多くの時間とお金を費やしてお店を開いたハルカさんですが、「うまくいかなかったら…イメージ通りにならなかったら…」という不安はなかったと言います。

「だいたいイメージ通りのお店ができて、イメージ通りのお客さんがきてくれます。一人でお店やっていると私が空気感を出すので、やっぱり似た人が集まりますね私のやっていることだったり、お料理に共感してくれる人がきてくれます」(ハルカさん)

photo by やまぐちなおと

これから新しく何かをはじめたいと考えるひとに、ハルカさんが自身の体験からメッセージをくれました。

大丈夫
やるしかない
死にません

移住しても帰る場所がなくなるわけではない。行き詰まったら帰ればいい。
理想通りのお店になるか心配しなくても、雰囲気は自然と自分に寄る。
借りたお金を返せなくても、死ぬわけじゃない。

今回のハルカさんへの取材を通して、等身大の自分で、気負わないからこそできる挑戦があることを知りました。

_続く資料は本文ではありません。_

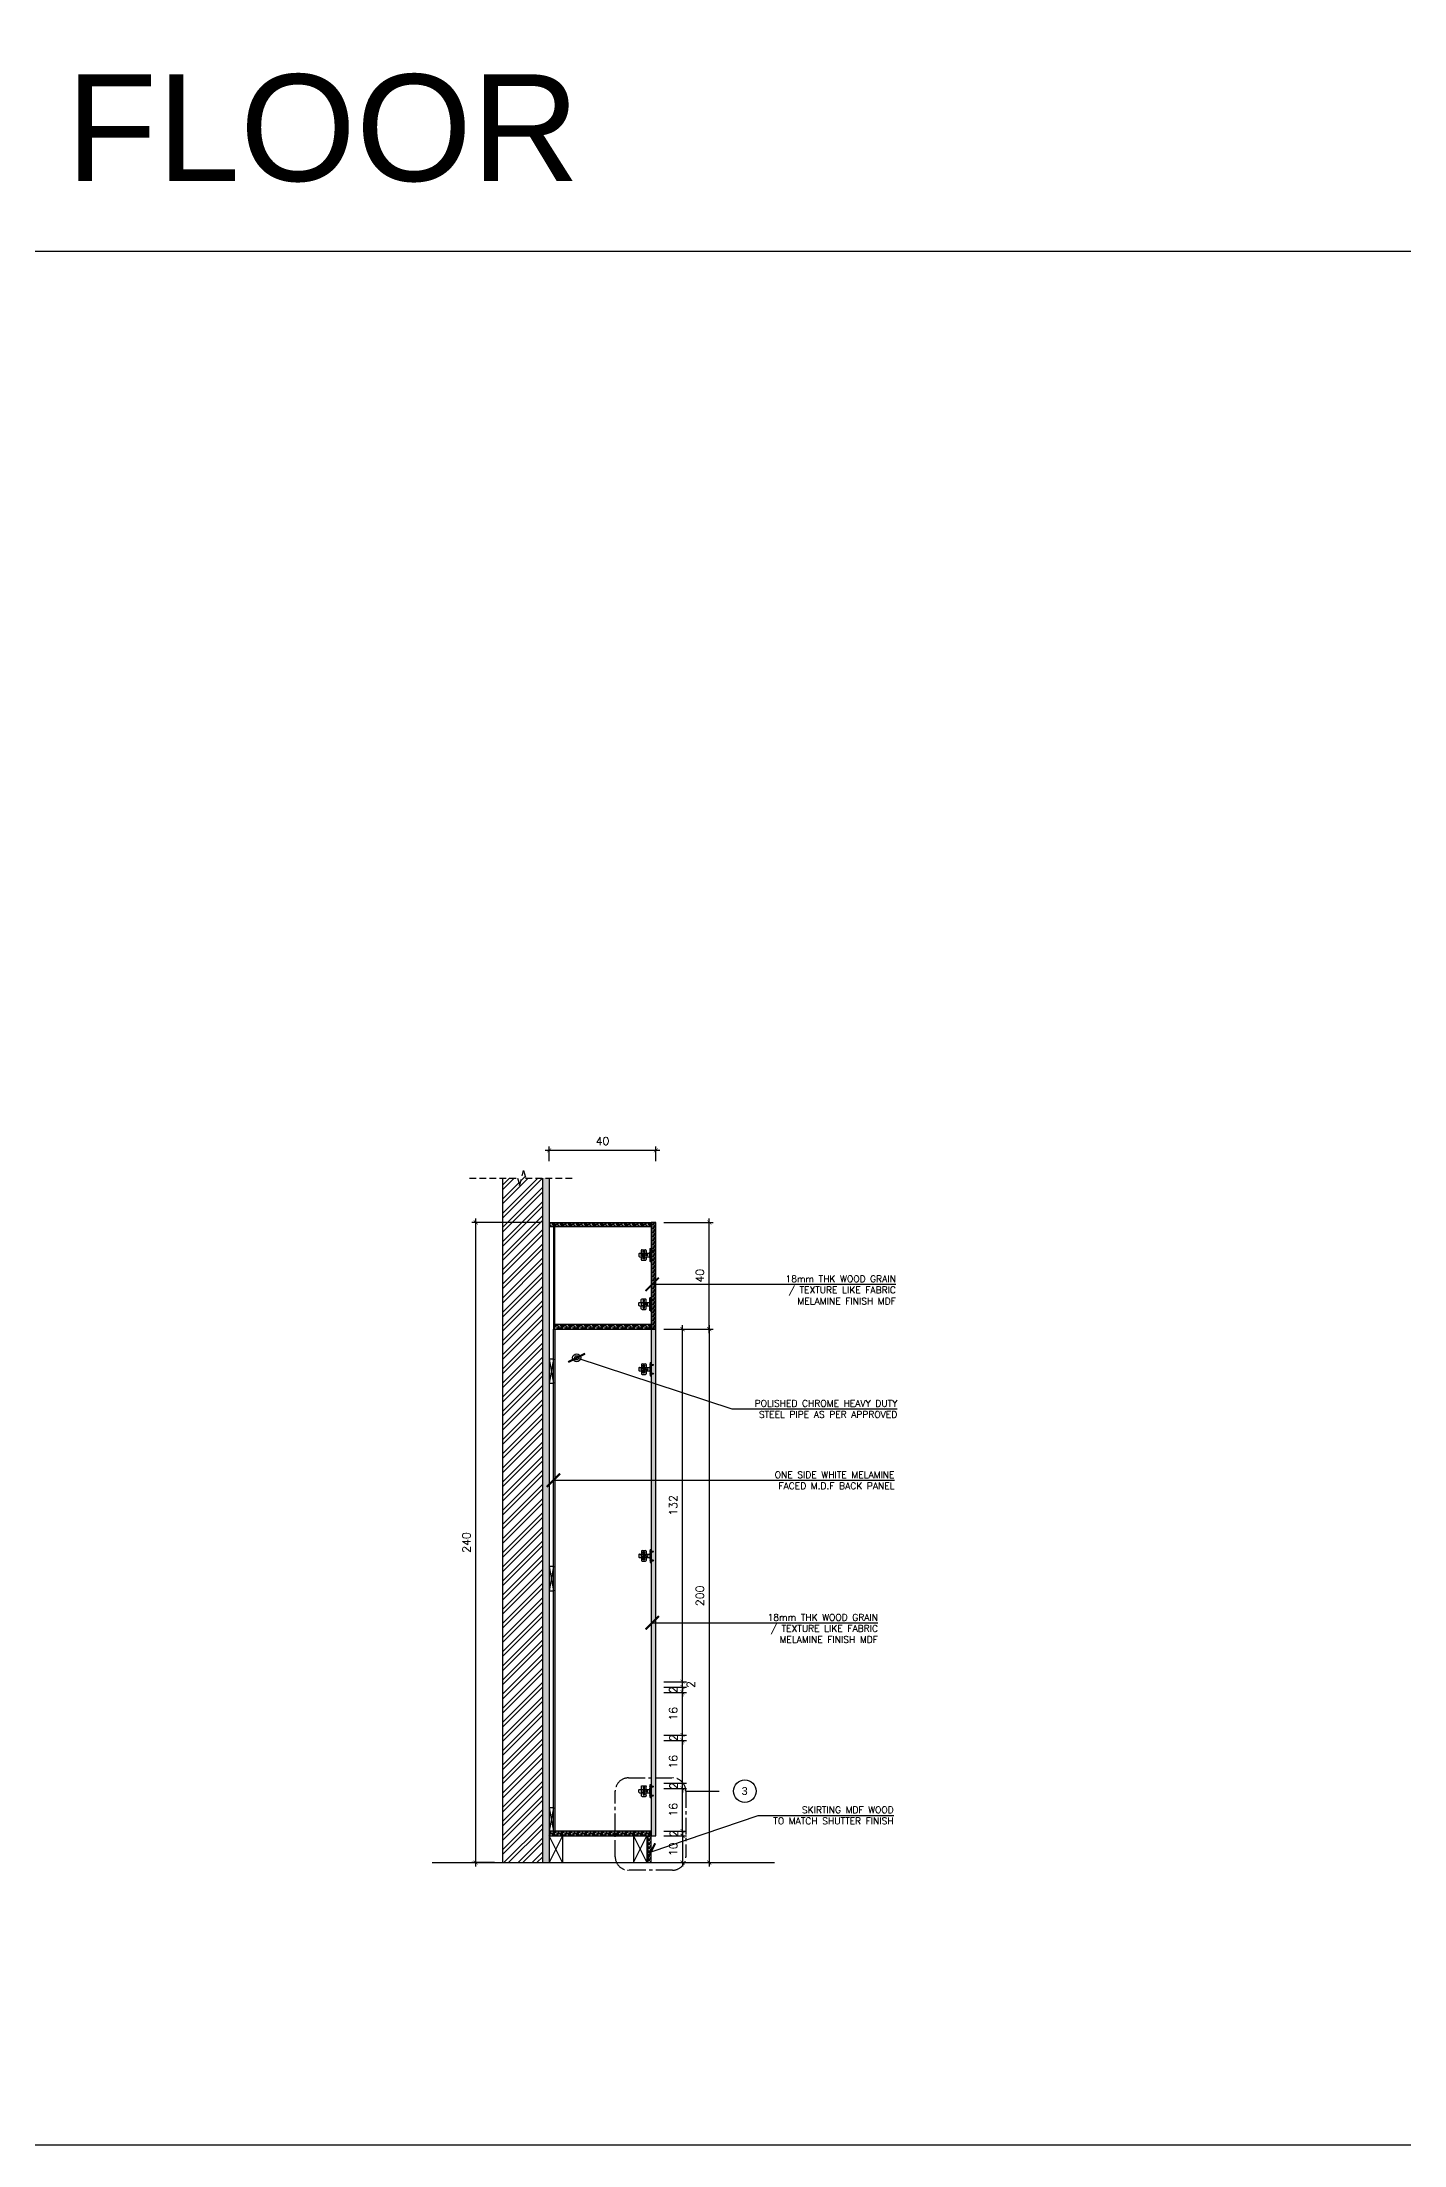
# Model space of a CAD drawing. Header units: centimetres. Extents: x -1287 to 4833, y -4090 to 0.
# Drawn here: x 3609 to 4120, y -2400 to -1612 of the extents above; entities that cross this region are included whole.
import ezdxf
from ezdxf.enums import TextEntityAlignment as Align

# ---------------------------------------------------------------- set-up
doc = ezdxf.new("R2010")
doc.units = ezdxf.units.CM
doc.header["$LTSCALE"] = 100
doc.header["$MEASUREMENT"] = 0
for name, pattern in [('CENTER', [2, 1.25, -0.25, 0.25, -0.25]), ('DASHDOT', [1, 0.5, -0.25, 0, -0.25]), ('HIDDEN', [0.375, 0.25, -0.125])]:
    doc.linetypes.add(name, pattern=pattern)
for name, color, linetype in [('CABINET', 4, 'Continuous'), ('DIM IN', 1, 'Continuous'), ('HATCH', 1, 'Continuous'), ('HIDDEN', 8, 'HIDDEN'), ('ID_TitleBlock-Text', 3, 'Continuous'), ('PLASTER', 8, 'Continuous'), ('SECTION LINE', 6, 'DASHDOT'), ('TEXT', 3, 'Continuous'), ('WALL SECTION Y-Y FOR XREF$0$TEXT', 3, 'Continuous'), ('WALL-03', 2, 'Continuous'), ('WALL-04', 1, 'Continuous')]:
    doc.layers.add(name, color=color, linetype=linetype)
doc.styles.add('ART', font='arial.ttf')
doc.styles.add('ROMANS', font='romans')
doc.styles.add('WALL SECTION Y-Y FOR XREF$0$ART', font='arial.ttf')
doc.styles.add('WALL SECTION Y-Y FOR XREF$0$PL18', font='romans.shx', dxfattribs={"height": 18})
doc.dimstyles.new('AS-17-100', dxfattribs={"dimtxt": 10, "dimasz": 5, "dimexe": 10, "dimexo": 10, "dimgap": 6, "dimtad": 1, "dimtoh": 1, "dimdec": 0, "dimdsep": 46, "dimtxsty": 'ROMANS', "dimblk1": 'ARCHTICK', "dimblk2": 'ARCHTICK', "dimsah": 1, "dimcen": 25, "dimdle": 10, "dimclrd": 1, "dimclre": 1, "dimclrt": 2, "dimadec": 0, "dimazin": 0, "dimtfac": 1, "dimtdec": 0, "dimtofl": 0, "dimtmove": 2, "dimatfit": 3, "dimldrblk": 'ARCHTICK', "dimfxl": 1, "dimtolj": 1, "dimtzin": 0, "dimarcsym": 0})
doc.dimstyles.new('WALL SECTION Y-Y FOR XREF$0$18-MH-100', dxfattribs={"dimtxt": 18, "dimasz": 12, "dimexe": 15, "dimexo": 15, "dimgap": 6, "dimtad": 1, "dimtoh": 1, "dimdec": 0, "dimzin": 0, "dimdsep": 46, "dimtxsty": 'WALL SECTION Y-Y FOR XREF$0$PL18', "dimblk1": 'WALL SECTION Y-Y FOR XREF$0$_ARCHTICK', "dimblk2": 'WALL SECTION Y-Y FOR XREF$0$_ARCHTICK', "dimsah": 1, "dimcen": 25, "dimdle": 15, "dimclrd": 1, "dimclre": 1, "dimclrt": 2, "dimadec": 0, "dimazin": 0, "dimtfac": 1, "dimtdec": 0, "dimtmove": 2, "dimatfit": 3, "dimldrblk": 'WALL SECTION Y-Y FOR XREF$0$_ARCHTICK', "dimfxl": 1, "dimtolj": 1, "dimtzin": 0, "dimarcsym": 0})
pattern_1 = [(180, (3426.5296, -1074.8663), (2e-16, 1.5), [2.5, -0.5]), (180, (3427.0296, -1074.3663), (2e-16, 1.5), [1.5, -0.375, 0.75, -0.375]), (180, (3427.7796, -1073.8663), (2e-16, 1.5), [2.5, -0.5])]

# ---------------------------------------------------------------- blocks, each defined once
blk = doc.blocks.new('_ARCHTICK')
at = {"color": 0, "linetype": 'ByBlock', "const_width": 0.15}
blk.add_lwpolyline([(-0.5, -0.5), (0.5, 0.5)], dxfattribs=at)
blk = doc.blocks.new('*D238')
at = {"layer": 'Defpoints', "color": 0, "transparency": 16777216}
for p in [(3839.3, -2284.12), (3839.3, -2294.12), (3849.3, -2294.12)]:
    blk.add_point(p, dxfattribs=at)
at = {"layer": 'DIM IN', "color": 1, "lineweight": -2, "transparency": 16777216}
for p, q in [((3842.3, -2284.12), (3850.8, -2284.12)), ((3849.3, -2282.62), (3849.3, -2295.62)), ((3842.3, -2294.12), (3850.8, -2294.12))]:
    blk.add_line(p, q, dxfattribs=at)
at = {"layer": 'DIM IN', "color": 1, "lineweight": -2, "transparency": 16777216, "xscale": 1.5, "yscale": 1.5, "zscale": 1.5}
for p, rotation in [((3849.3, -2284.12), 90), ((3849.3, -2294.12), 270)]:
    blk.add_blockref('_ARCHTICK', p, dxfattribs=dict(at, rotation=rotation))
at = {"layer": 'DIM IN', "color": 2, "transparency": 16777216, "insert": (3845.8, -2289.12), "char_height": 3, "attachment_point": 5, "rotation": 90, "style": 'ROMANS'}
blk.add_mtext('\\A1;10', dxfattribs=at)
blk = doc.blocks.new('*D239')
at = {"layer": 'Defpoints', "color": 0, "transparency": 16777216}
for p in [(3839.3, -2282.32), (3839.3, -2284.12), (3849.3, -2282.32)]:
    blk.add_point(p, dxfattribs=at)
at = {"layer": 'DIM IN', "color": 1, "lineweight": -2, "transparency": 16777216}
for p, q in [((3842.3, -2282.32), (3850.8, -2282.32)), ((3842.3, -2284.12), (3850.8, -2284.12)), ((3849.3, -2282.32), (3849.3, -2280.82)), ((3849.3, -2284.12), (3849.3, -2285.62))]:
    blk.add_line(p, q, dxfattribs=at)
at = {"layer": 'DIM IN', "color": 1, "lineweight": -2, "transparency": 16777216, "xscale": 1.5, "yscale": 1.5, "zscale": 1.5}
for p, rotation in [((3849.3, -2282.32), 270), ((3849.3, -2284.12), 90)]:
    blk.add_blockref('_ARCHTICK', p, dxfattribs=dict(at, rotation=rotation))
at = {"layer": 'DIM IN', "color": 2, "transparency": 16777216, "insert": (3845.99, -2283.22), "char_height": 3, "attachment_point": 5, "rotation": 90, "style": 'ROMANS'}
blk.add_mtext('\\A1;2', dxfattribs=at)
blk = doc.blocks.new('*D19')
at = {"layer": 'Defpoints', "color": 0, "transparency": 16777216}
for p in [(3839.3, -2266.32), (3849.3, -2266.32), (3839.3, -2282.32)]:
    blk.add_point(p, dxfattribs=at)
at = {"layer": 'DIM IN', "color": 1, "lineweight": -2, "transparency": 16777216}
for p, q in [((3842.3, -2266.32), (3850.8, -2266.32)), ((3849.3, -2283.82), (3849.3, -2264.82)), ((3842.3, -2282.32), (3850.8, -2282.32))]:
    blk.add_line(p, q, dxfattribs=at)
at = {"layer": 'DIM IN', "color": 1, "lineweight": -2, "transparency": 16777216, "xscale": 1.5, "yscale": 1.5, "zscale": 1.5}
for p, rotation in [((3849.3, -2266.32), 90), ((3849.3, -2282.32), 270)]:
    blk.add_blockref('_ARCHTICK', p, dxfattribs=dict(at, rotation=rotation))
at = {"layer": 'DIM IN', "color": 2, "transparency": 16777216, "insert": (3845.8, -2274.32), "char_height": 3, "attachment_point": 5, "rotation": 90, "style": 'ROMANS'}
blk.add_mtext('\\A1;16', dxfattribs=at)
blk = doc.blocks.new('*D20')
at = {"layer": 'Defpoints', "color": 0, "transparency": 16777216}
for p in [(3839.3, -2264.32), (3839.3, -2266.32), (3849.3, -2264.32)]:
    blk.add_point(p, dxfattribs=at)
at = {"layer": 'DIM IN', "color": 1, "lineweight": -2, "transparency": 16777216}
for p, q in [((3849.3, -2264.32), (3849.3, -2262.82)), ((3842.3, -2264.32), (3850.8, -2264.32)), ((3842.3, -2266.32), (3850.8, -2266.32)), ((3849.3, -2266.32), (3849.3, -2267.82))]:
    blk.add_line(p, q, dxfattribs=at)
at = {"layer": 'DIM IN', "color": 1, "lineweight": -2, "transparency": 16777216, "xscale": 1.5, "yscale": 1.5, "zscale": 1.5}
for p, rotation in [((3849.3, -2264.32), 270), ((3849.3, -2266.32), 90)]:
    blk.add_blockref('_ARCHTICK', p, dxfattribs=dict(at, rotation=rotation))
at = {"layer": 'DIM IN', "color": 2, "transparency": 16777216, "insert": (3845.96, -2265.32), "char_height": 3, "attachment_point": 5, "rotation": 90, "style": 'ROMANS'}
blk.add_mtext('\\A1;2', dxfattribs=at)
blk = doc.blocks.new('*D21')
at = {"layer": 'Defpoints', "color": 0, "transparency": 16777216}
for p in [(3839.3, -2248.32), (3849.3, -2248.32), (3839.3, -2264.32)]:
    blk.add_point(p, dxfattribs=at)
at = {"layer": 'DIM IN', "color": 1, "lineweight": -2, "transparency": 16777216}
for p, q in [((3849.3, -2265.82), (3849.3, -2246.82)), ((3842.3, -2248.32), (3850.8, -2248.32)), ((3842.3, -2264.32), (3850.8, -2264.32))]:
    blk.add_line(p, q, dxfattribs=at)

アナタも、無理に背伸びせずありったけの自分で、1歩踏み出してみませんか?

本記事はインタビューライター養成講座受講生が執筆いたしました。

Editor's Note

編集後記

お店を一人でテキパキとまわしており、とまることのない姿が印象的でした。しかし動きながら時折こちらを向いて目があったときの濁りのない瞳が印象的でした。この取材とハルカさんのつくるお料理から、ハルカさんの優しさを感じました。